• [What you will do] Here are the records. Write out exactly the lines between the one holding "But Prox L1" and the one holding "M_BUT_PROX_L1: J98.2, U64.1", inclusive.

• [Data supplied]
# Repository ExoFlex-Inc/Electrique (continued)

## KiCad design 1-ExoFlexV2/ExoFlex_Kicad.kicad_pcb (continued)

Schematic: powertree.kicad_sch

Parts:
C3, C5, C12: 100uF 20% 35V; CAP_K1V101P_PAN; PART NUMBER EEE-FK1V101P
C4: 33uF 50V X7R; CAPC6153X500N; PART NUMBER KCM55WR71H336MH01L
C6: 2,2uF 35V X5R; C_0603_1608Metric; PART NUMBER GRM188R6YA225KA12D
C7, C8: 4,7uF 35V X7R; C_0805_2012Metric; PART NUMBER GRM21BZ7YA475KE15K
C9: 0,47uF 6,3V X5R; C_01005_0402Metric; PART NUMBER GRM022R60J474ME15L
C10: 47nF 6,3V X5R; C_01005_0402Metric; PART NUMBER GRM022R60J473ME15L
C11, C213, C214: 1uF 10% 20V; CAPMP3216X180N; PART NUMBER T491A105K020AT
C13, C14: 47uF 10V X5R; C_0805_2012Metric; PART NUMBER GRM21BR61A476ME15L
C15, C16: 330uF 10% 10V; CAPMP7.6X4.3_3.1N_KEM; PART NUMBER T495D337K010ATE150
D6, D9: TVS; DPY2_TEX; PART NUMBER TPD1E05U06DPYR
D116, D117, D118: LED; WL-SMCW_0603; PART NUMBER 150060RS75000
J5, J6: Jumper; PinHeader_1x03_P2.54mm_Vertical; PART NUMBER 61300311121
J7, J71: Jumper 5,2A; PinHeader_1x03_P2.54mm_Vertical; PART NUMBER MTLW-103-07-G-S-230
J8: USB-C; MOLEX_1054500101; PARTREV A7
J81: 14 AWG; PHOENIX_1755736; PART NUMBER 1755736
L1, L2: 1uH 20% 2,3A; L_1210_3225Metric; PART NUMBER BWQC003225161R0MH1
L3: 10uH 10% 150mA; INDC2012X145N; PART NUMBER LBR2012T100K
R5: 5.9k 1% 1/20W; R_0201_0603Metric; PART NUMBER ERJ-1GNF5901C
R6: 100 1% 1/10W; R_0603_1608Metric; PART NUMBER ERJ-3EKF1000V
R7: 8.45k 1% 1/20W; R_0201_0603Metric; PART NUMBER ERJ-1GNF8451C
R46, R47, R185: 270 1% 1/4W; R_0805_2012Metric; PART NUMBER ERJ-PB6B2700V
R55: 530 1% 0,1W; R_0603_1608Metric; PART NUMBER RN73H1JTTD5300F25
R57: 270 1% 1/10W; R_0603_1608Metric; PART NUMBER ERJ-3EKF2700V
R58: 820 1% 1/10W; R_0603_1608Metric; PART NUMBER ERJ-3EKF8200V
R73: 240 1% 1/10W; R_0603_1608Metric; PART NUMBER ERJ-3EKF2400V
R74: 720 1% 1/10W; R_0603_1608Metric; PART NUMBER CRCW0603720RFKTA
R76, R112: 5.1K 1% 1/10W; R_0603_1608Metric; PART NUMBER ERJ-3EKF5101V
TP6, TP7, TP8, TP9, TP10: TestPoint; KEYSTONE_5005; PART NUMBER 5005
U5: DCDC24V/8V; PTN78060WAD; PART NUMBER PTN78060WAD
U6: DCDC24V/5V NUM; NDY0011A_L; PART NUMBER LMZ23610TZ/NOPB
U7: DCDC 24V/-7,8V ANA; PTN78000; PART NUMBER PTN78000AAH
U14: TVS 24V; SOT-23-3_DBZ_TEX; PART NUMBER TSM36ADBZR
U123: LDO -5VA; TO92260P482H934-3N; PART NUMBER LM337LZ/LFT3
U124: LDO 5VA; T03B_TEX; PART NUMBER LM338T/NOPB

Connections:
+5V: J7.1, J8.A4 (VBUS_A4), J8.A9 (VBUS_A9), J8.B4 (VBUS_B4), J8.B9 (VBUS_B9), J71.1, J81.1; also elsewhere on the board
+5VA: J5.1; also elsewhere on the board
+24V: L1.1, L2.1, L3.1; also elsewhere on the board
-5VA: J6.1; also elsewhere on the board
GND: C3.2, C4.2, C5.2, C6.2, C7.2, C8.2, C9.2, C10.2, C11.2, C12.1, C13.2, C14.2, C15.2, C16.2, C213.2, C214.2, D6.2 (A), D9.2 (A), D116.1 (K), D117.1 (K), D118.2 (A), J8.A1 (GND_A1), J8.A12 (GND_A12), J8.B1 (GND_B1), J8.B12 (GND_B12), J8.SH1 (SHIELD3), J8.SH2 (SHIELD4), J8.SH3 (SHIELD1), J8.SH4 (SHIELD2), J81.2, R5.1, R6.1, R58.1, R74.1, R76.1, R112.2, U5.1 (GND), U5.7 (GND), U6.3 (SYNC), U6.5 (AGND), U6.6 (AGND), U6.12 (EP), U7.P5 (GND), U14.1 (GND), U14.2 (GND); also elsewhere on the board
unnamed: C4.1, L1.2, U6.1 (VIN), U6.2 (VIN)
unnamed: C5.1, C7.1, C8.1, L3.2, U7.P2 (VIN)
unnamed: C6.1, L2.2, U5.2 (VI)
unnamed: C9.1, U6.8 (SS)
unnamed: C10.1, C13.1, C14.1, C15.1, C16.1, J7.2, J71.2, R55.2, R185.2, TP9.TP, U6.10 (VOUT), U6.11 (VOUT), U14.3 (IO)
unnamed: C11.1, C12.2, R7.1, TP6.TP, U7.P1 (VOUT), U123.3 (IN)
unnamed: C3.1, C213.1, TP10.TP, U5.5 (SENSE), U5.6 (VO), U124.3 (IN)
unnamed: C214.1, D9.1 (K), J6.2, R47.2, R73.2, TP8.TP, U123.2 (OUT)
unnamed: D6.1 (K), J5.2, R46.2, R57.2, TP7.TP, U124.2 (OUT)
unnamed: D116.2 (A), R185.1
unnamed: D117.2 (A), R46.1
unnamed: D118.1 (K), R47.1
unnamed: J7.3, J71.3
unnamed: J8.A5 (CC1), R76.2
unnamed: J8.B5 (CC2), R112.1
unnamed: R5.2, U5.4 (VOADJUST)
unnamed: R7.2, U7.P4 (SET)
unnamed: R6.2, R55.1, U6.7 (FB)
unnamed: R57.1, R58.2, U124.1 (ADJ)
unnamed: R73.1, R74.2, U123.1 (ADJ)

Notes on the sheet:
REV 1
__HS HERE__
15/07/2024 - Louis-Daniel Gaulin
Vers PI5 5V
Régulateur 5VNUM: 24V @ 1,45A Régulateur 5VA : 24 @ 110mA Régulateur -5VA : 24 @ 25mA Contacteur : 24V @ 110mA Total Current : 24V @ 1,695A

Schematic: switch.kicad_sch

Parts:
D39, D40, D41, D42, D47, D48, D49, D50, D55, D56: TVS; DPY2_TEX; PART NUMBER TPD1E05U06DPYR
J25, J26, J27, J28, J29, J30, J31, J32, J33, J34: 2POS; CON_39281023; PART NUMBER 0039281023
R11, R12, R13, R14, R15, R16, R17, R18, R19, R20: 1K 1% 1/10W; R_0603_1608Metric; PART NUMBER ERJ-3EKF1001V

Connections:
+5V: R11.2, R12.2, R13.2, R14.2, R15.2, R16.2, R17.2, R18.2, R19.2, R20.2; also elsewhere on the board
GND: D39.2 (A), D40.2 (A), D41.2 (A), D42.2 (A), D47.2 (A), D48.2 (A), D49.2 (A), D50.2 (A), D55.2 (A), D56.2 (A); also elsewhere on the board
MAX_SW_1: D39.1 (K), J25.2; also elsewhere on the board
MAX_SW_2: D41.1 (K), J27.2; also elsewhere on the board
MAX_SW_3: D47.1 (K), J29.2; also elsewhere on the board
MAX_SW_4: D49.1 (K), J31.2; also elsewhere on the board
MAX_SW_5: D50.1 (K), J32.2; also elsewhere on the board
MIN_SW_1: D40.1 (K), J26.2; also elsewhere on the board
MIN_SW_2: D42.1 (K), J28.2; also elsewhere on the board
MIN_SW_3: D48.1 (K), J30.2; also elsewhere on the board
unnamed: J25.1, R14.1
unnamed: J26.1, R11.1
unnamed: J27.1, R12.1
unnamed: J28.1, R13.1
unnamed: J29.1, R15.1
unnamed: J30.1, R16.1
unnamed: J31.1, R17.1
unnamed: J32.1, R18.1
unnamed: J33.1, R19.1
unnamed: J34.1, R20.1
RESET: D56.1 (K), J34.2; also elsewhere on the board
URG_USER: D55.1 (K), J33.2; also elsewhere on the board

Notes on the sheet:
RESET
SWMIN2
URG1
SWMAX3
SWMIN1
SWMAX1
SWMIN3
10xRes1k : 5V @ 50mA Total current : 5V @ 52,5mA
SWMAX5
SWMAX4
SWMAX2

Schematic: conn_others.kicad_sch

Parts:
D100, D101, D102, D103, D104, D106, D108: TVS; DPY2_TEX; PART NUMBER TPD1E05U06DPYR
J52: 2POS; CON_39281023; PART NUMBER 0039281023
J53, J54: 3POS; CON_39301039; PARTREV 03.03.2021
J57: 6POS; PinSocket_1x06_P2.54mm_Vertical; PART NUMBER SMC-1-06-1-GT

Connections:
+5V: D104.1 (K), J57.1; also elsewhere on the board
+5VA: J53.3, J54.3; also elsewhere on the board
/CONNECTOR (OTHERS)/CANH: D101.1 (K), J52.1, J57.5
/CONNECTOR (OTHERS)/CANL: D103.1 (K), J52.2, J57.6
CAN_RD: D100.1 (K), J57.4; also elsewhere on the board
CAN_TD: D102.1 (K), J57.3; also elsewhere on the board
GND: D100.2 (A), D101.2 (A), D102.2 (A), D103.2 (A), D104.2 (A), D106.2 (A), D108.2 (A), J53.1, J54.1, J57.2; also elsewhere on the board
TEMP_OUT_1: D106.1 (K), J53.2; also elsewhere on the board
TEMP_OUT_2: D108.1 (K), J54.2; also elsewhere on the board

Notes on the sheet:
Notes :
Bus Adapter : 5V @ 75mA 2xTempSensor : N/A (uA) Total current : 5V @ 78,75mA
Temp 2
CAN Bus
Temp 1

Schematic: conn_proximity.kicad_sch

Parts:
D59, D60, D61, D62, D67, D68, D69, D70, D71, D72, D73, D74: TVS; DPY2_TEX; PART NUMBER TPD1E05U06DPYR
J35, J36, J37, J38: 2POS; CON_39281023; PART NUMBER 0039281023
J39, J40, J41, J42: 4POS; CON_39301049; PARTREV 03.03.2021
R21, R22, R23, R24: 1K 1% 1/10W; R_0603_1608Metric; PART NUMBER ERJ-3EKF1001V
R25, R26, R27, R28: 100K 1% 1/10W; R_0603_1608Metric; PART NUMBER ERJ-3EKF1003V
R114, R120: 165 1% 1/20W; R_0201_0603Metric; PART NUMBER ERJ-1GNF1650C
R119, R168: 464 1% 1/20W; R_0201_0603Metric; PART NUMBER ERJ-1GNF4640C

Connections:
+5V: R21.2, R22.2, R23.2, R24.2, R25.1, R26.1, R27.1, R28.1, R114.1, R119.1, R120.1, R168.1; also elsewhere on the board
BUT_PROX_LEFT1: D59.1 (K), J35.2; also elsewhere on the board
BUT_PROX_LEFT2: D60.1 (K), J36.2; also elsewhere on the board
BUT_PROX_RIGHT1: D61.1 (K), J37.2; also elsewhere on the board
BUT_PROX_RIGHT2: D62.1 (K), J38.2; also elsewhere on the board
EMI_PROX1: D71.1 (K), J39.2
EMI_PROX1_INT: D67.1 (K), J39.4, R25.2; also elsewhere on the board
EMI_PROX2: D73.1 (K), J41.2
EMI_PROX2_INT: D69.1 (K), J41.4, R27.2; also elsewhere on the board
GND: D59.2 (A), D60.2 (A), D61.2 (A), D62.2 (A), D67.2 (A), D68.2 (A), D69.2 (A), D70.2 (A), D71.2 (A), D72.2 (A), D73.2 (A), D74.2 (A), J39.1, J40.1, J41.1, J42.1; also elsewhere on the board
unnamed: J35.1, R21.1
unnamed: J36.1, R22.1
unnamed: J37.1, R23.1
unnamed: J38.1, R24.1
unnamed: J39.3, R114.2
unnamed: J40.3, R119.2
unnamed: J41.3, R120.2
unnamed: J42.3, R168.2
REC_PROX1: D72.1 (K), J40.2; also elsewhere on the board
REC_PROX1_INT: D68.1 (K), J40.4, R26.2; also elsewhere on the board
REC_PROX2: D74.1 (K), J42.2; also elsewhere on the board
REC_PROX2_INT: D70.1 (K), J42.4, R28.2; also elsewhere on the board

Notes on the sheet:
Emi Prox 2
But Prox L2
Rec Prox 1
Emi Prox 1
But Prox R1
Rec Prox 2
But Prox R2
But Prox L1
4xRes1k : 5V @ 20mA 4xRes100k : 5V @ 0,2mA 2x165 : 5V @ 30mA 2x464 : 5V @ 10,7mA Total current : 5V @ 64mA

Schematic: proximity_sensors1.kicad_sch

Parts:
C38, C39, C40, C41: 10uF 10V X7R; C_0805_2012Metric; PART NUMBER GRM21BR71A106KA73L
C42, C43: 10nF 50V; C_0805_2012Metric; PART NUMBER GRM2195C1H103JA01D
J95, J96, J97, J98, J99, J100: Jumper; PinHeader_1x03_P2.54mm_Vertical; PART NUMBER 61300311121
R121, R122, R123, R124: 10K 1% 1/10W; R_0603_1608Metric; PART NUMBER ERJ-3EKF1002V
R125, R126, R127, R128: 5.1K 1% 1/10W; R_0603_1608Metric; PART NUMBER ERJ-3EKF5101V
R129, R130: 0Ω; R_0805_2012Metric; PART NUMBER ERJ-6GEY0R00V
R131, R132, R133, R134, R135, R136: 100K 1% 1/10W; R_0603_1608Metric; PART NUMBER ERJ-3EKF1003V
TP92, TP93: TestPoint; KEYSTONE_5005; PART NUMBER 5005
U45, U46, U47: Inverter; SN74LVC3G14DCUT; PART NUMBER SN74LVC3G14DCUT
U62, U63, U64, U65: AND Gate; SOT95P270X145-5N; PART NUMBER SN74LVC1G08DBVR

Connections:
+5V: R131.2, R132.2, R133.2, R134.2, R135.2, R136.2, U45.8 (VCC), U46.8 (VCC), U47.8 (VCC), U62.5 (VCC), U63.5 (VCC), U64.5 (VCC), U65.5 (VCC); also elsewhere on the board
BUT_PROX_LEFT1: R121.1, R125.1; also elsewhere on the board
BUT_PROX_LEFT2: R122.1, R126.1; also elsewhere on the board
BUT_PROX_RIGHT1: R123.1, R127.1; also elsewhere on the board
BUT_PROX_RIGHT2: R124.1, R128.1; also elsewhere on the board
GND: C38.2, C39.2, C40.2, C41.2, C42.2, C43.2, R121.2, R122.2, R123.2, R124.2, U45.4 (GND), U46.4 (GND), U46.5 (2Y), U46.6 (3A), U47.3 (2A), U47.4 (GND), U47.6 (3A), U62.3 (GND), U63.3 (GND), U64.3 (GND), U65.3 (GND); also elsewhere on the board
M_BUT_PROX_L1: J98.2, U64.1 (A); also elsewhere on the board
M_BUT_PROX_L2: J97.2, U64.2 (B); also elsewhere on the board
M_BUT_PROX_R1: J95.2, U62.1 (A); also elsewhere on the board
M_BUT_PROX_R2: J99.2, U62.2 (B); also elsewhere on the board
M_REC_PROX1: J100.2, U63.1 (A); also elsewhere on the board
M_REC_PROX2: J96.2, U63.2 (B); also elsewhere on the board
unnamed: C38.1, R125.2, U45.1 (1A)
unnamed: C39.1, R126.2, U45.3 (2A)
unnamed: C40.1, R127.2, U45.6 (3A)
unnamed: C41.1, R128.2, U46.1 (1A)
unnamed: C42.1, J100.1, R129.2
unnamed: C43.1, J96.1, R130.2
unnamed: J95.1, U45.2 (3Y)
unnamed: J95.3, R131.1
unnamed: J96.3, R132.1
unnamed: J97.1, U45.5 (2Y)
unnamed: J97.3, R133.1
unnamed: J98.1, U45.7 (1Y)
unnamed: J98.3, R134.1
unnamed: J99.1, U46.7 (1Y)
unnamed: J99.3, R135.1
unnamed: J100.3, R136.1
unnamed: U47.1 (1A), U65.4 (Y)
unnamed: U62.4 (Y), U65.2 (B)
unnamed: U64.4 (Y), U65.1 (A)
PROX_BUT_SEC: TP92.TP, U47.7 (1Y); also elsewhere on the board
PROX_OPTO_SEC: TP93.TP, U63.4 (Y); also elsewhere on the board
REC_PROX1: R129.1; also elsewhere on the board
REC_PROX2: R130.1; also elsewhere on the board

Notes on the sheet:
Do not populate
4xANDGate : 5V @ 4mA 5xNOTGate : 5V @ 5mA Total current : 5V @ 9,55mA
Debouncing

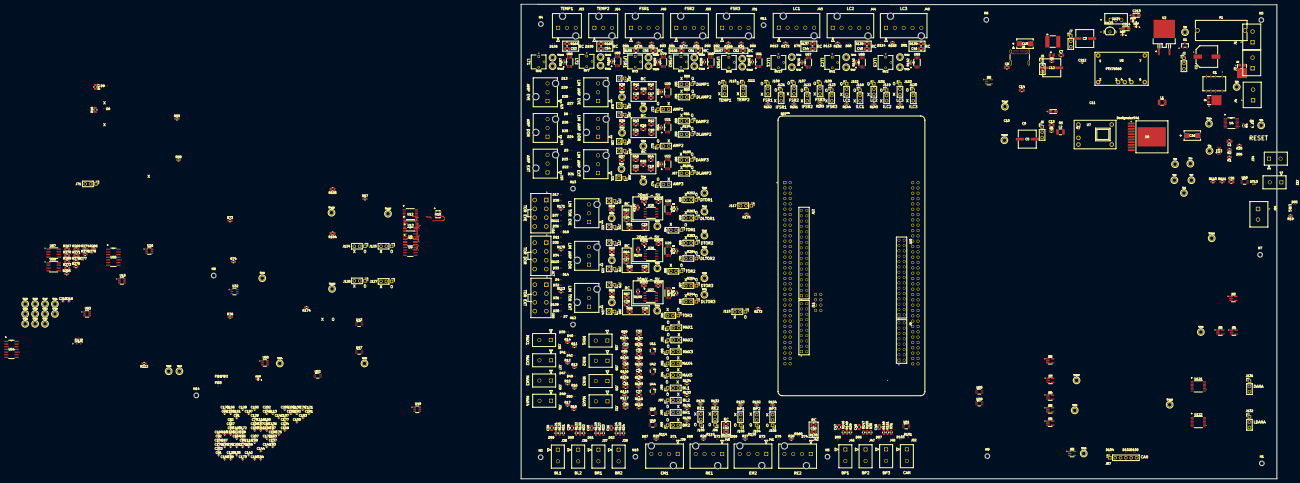
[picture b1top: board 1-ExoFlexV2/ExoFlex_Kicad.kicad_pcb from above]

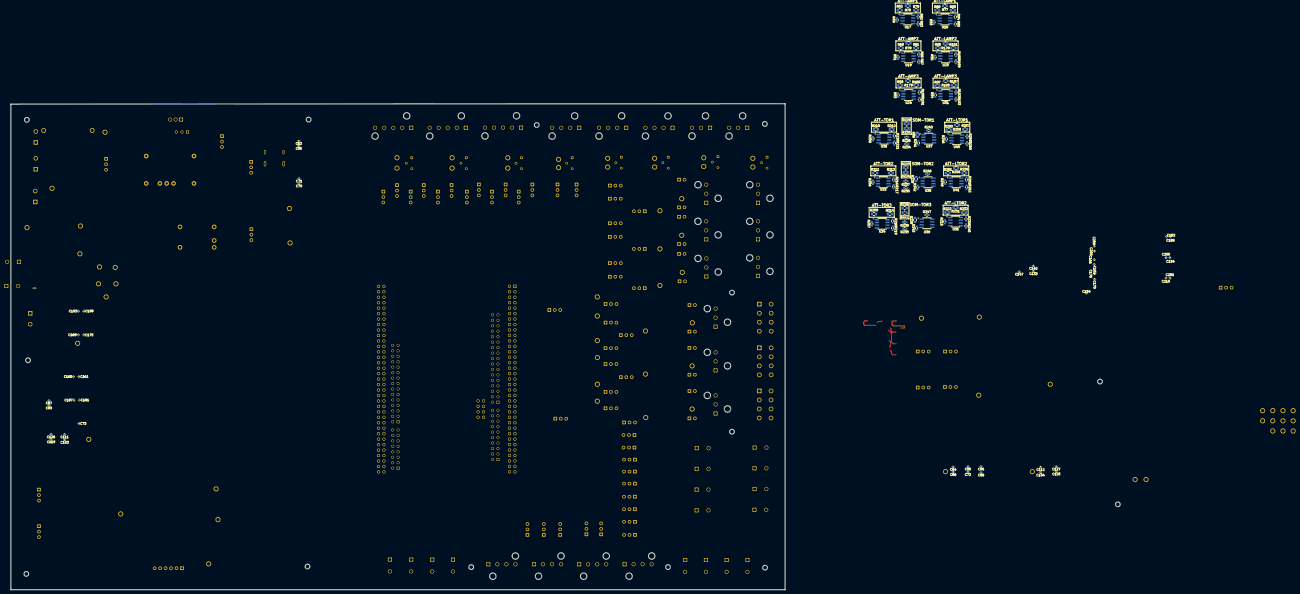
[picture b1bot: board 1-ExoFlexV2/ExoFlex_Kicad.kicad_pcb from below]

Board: 4 copper layers, 360.3 x 226.2 mm, 849 parts (150 on the bottom side), 438 nets.

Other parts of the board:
J55, J56, J58, J59, J66, J67: Jumper; PinHeader_1x03_P2.54mm_Vertical
R49, R50, R51, R82, R83, R84, R85, R86, R87, R92, R93, R94, R188, R189, R190, R191, R192, R193: 10K 1% 1/10W; R_0603_1608Metric
R52, R68, R69, R70, R77, R78, R95, R96, R97, R178, R179, R180: 3.3k 1% 1/8W; R_0805_2012Metric
R79, R80, R81, R181, R186, R187: 0Ω; R_0805_2012Metric
R88, R90, R91, R194, R195, R196: 100k 1% 1/20W; R_0201_0603Metric
U17, U18, U19, U23, U24, U31: OP_AMP2; SOIC127P599X175-8N

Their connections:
+5VA: U17.8 (VCC+), U18.8 (VCC+), U19.8 (VCC+), U23.8 (VCC+), U24.8 (VCC+), U31.8 (VCC+); also elsewhere on the board
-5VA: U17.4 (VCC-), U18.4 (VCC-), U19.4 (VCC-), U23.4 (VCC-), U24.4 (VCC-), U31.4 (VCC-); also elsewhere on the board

• [Solution to this exercise]
But Prox L1
4xRes1k : 5V @ 20mA 4xRes100k : 5V @ 0,2mA 2x165 : 5V @ 30mA 2x464 : 5V @ 10,7mA Total current : 5V @ 64mA

Schematic: proximity_sensors1.kicad_sch

Parts:
C38, C39, C40, C41: 10uF 10V X7R; C_0805_2012Metric; PART NUMBER GRM21BR71A106KA73L
C42, C43: 10nF 50V; C_0805_2012Metric; PART NUMBER GRM2195C1H103JA01D
J95, J96, J97, J98, J99, J100: Jumper; PinHeader_1x03_P2.54mm_Vertical; PART NUMBER 61300311121
R121, R122, R123, R124: 10K 1% 1/10W; R_0603_1608Metric; PART NUMBER ERJ-3EKF1002V
R125, R126, R127, R128: 5.1K 1% 1/10W; R_0603_1608Metric; PART NUMBER ERJ-3EKF5101V
R129, R130: 0Ω; R_0805_2012Metric; PART NUMBER ERJ-6GEY0R00V
R131, R132, R133, R134, R135, R136: 100K 1% 1/10W; R_0603_1608Metric; PART NUMBER ERJ-3EKF1003V
TP92, TP93: TestPoint; KEYSTONE_5005; PART NUMBER 5005
U45, U46, U47: Inverter; SN74LVC3G14DCUT; PART NUMBER SN74LVC3G14DCUT
U62, U63, U64, U65: AND Gate; SOT95P270X145-5N; PART NUMBER SN74LVC1G08DBVR

Connections:
+5V: R131.2, R132.2, R133.2, R134.2, R135.2, R136.2, U45.8 (VCC), U46.8 (VCC), U47.8 (VCC), U62.5 (VCC), U63.5 (VCC), U64.5 (VCC), U65.5 (VCC); also elsewhere on the board
BUT_PROX_LEFT1: R121.1, R125.1; also elsewhere on the board
BUT_PROX_LEFT2: R122.1, R126.1; also elsewhere on the board
BUT_PROX_RIGHT1: R123.1, R127.1; also elsewhere on the board
BUT_PROX_RIGHT2: R124.1, R128.1; also elsewhere on the board
GND: C38.2, C39.2, C40.2, C41.2, C42.2, C43.2, R121.2, R122.2, R123.2, R124.2, U45.4 (GND), U46.4 (GND), U46.5 (2Y), U46.6 (3A), U47.3 (2A), U47.4 (GND), U47.6 (3A), U62.3 (GND), U63.3 (GND), U64.3 (GND), U65.3 (GND); also elsewhere on the board
M_BUT_PROX_L1: J98.2, U64.1 (A); also elsewhere on the board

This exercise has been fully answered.